__To do__
Without copying any pictures, restate exactly the lines from the start of the records through the line containing "29.8835920667), (357.3969989189, 41.2266540184))".

__Data to use__
□ □ □
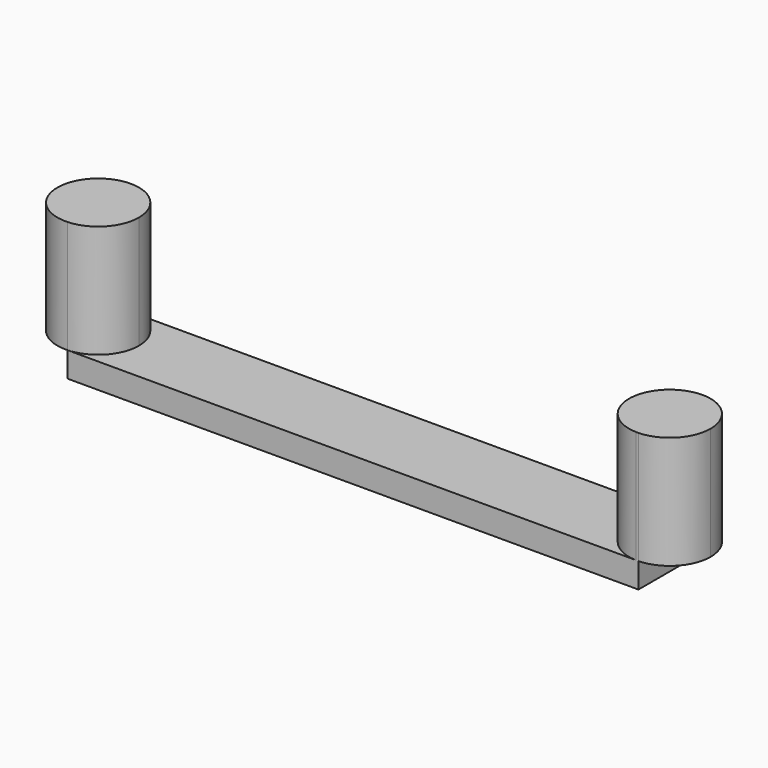
from build123d import *

# Parameters (mm, degrees)
F1_DEPTH = 114.3
F2_DEPTH = 25.4


with BuildPart() as f1:
    # F0 (on Top) → F1 (new body)
    with BuildSketch(Plane.XY):
        with BuildLine():
            ThreePointArc((400.6691527557, 0), (387.8651300869, 29.8835920667), (357.3969989189, 41.2266540184))
            Line((357.3969989189, 41.2266540184), (360.6180139352, 41.2266540184))
            Line((360.6180139352, 41.2266540184), (360.6180139352, -41.2568514166))
            ThreePointArc((360.6180139352, -41.2568514166), (389.0095245682, -28.7498761286), (400.6691527557, 0))
        make_face()
        with BuildLine():
            Line((360.6180139352, 41.2266540184), (357.3969989189, 41.2266540184))
            ThreePointArc((357.3969989189, 41.2266540184), (318.1209665249, -0.3869410216), (358.1702915763, -41.2568514166))
            Line((358.1702915763, -41.2568514166), (360.6180139352, -41.2568514166))
            Line((360.6180139352, -41.2568514166), (360.6180139352, 41.2266540184))
        make_face()
    extrude(amount=F1_DEPTH)



with BuildPart() as f1b:
    # F0 (on Top) → F1, piece 2 (new body)
    with BuildSketch(Plane.XY):
        with BuildLine():
            Line((-217.7286934074, -41.2266540184), (-217.7286934074, 41.2266540184))
            ThreePointArc((-217.7286934074, 41.2266540184), (-261.0008472443, 0), (-217.7286934074, -41.2266540184))
        make_face()
        with BuildLine():
            ThreePointArc((-217.7286934074, -41.2266540184), (-189.8422551776, -28.4709773312), (-178.4508472443, 0))
            ThreePointArc((-178.4508472443, 0), (-189.8422551776, 28.4709773312), (-217.7286934074, 41.2266540184))
            Line((-217.7286934074, 41.2266540184), (-217.7286934074, -41.2266540184))
        make_face()
    extrude(amount=F1_DEPTH)


with BuildPart() as f1_1:
    add(f1.part)

    add(f1b.part)  # F2 merges F1b
    # F0 (on Top) → F2 (join)
    with BuildSketch(Plane.XY):
        with BuildLine():
            ThreePointArc((-217.7286934074, -41.2266540184), (-189.8422551776, -28.4709773312), (-178.4508472443, 0))
            ThreePointArc((-178.4508472443, 0), (-189.8422551776, 28.4709773312), (-217.7286934074, 41.2266540184))
            Line((-217.7286934074, 41.2266540184), (-217.7286934074, -41.2266540184))
        make_face()
        with BuildLine():
            ThreePointArc((-217.7286934074, 41.2266540184), (-189.8422551776, 28.4709773312), (-178.4508472443, 0))
            ThreePointArc((-178.4508472443, 0), (-189.8422551776, -28.4709773312), (-217.7286934074, -41.2266540184))
            Line((-217.7286934074, -41.2266540184), (-217.7286934074, -41.2568514166))
            Line((-217.7286934074, -41.2568514166), (358.1702915763, -41.2568514166))
            ThreePointArc((358.1702915763, -41.2568514166), (318.1209665249, -0.3869410216), (357.3969989189, 41.2266540184))
            Line((357.3969989189, 41.2266540184), (-217.7286934074, 41.2266540184))
        make_face()
        with BuildLine():
            Line((360.6180139352, 41.2266540184), (357.3969989189, 41.2266540184))
            ThreePointArc((357.3969989189, 41.2266540184), (318.1209665249, -0.3869410216), (358.1702915763, -41.2568514166))
            Line((358.1702915763, -41.2568514166), (360.6180139352, -41.2568514166))
            Line((360.6180139352, -41.2568514166), (360.6180139352, 41.2266540184))
        make_face()
    extrude(amount=-F2_DEPTH)


solid = f1_1.part
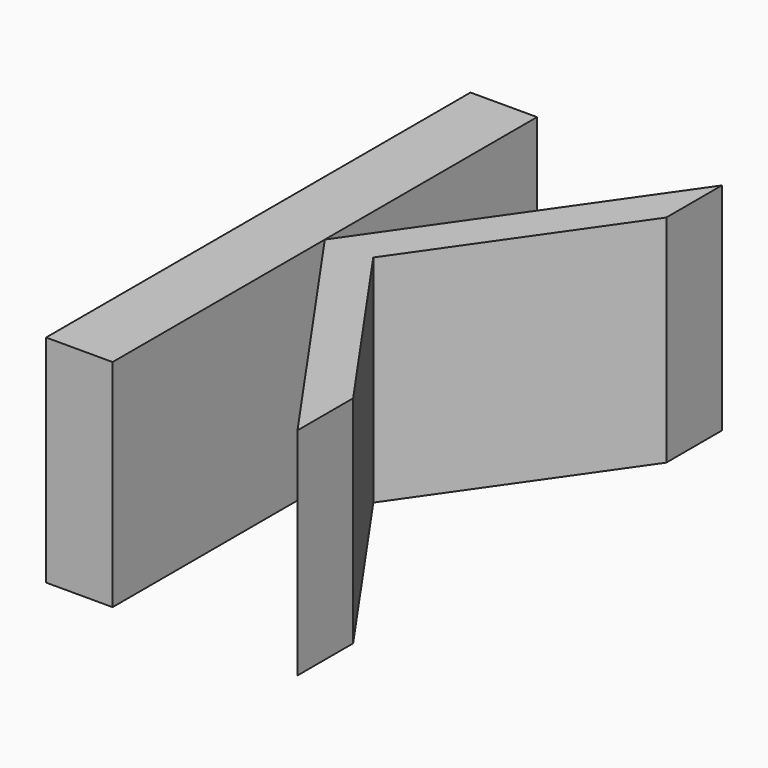
from build123d import *

# Parameters (mm, degrees)
F1_DEPTH = 25.4


# Not quite as in the source:
# - a feature of the source that left no trace in its solid (it failed there, or was rolled back) is left out


with BuildPart() as f1:
    # F0 (on Top) → F1 (new body)
    with BuildSketch(Plane.XY):
        Polygon((2.9549982864, 40.5778624117), (-18.8090335578, 9.3567771837), (2.9549982864, -21.8643080443), (2.9549982864, -13.6778589597), (-13.102308847, 9.3567771837), (2.9549982864, 32.3914133272), align=None)
    extrude(amount=F1_DEPTH)


with BuildPart() as f1b:
    # F0 (on Top) → F1, piece 2 (new body)
    with BuildSketch(Plane.XY):
        Polygon((-18.8090335578, 40.5778624117), (-26.6381744295, 40.5778624117), (-26.6381744295, -21.8643080443), (-18.8090335578, -21.8643080443), (-18.8090335578, 9.3567771837), align=None)
    extrude(amount=F1_DEPTH)


solid = Compound([f1.part, f1b.part])
□ □ □
__Exercise answer__
from build123d import *

# Parameters (mm, degrees)
F1_DEPTH = 114.3
F2_DEPTH = 25.4


with BuildPart() as f1:
    # F0 (on Top) → F1 (new body)
    with BuildSketch(Plane.XY):
        with BuildLine():
            ThreePointArc((400.6691527557, 0), (387.8651300869, 29.8835920667), (357.3969989189, 41.2266540184))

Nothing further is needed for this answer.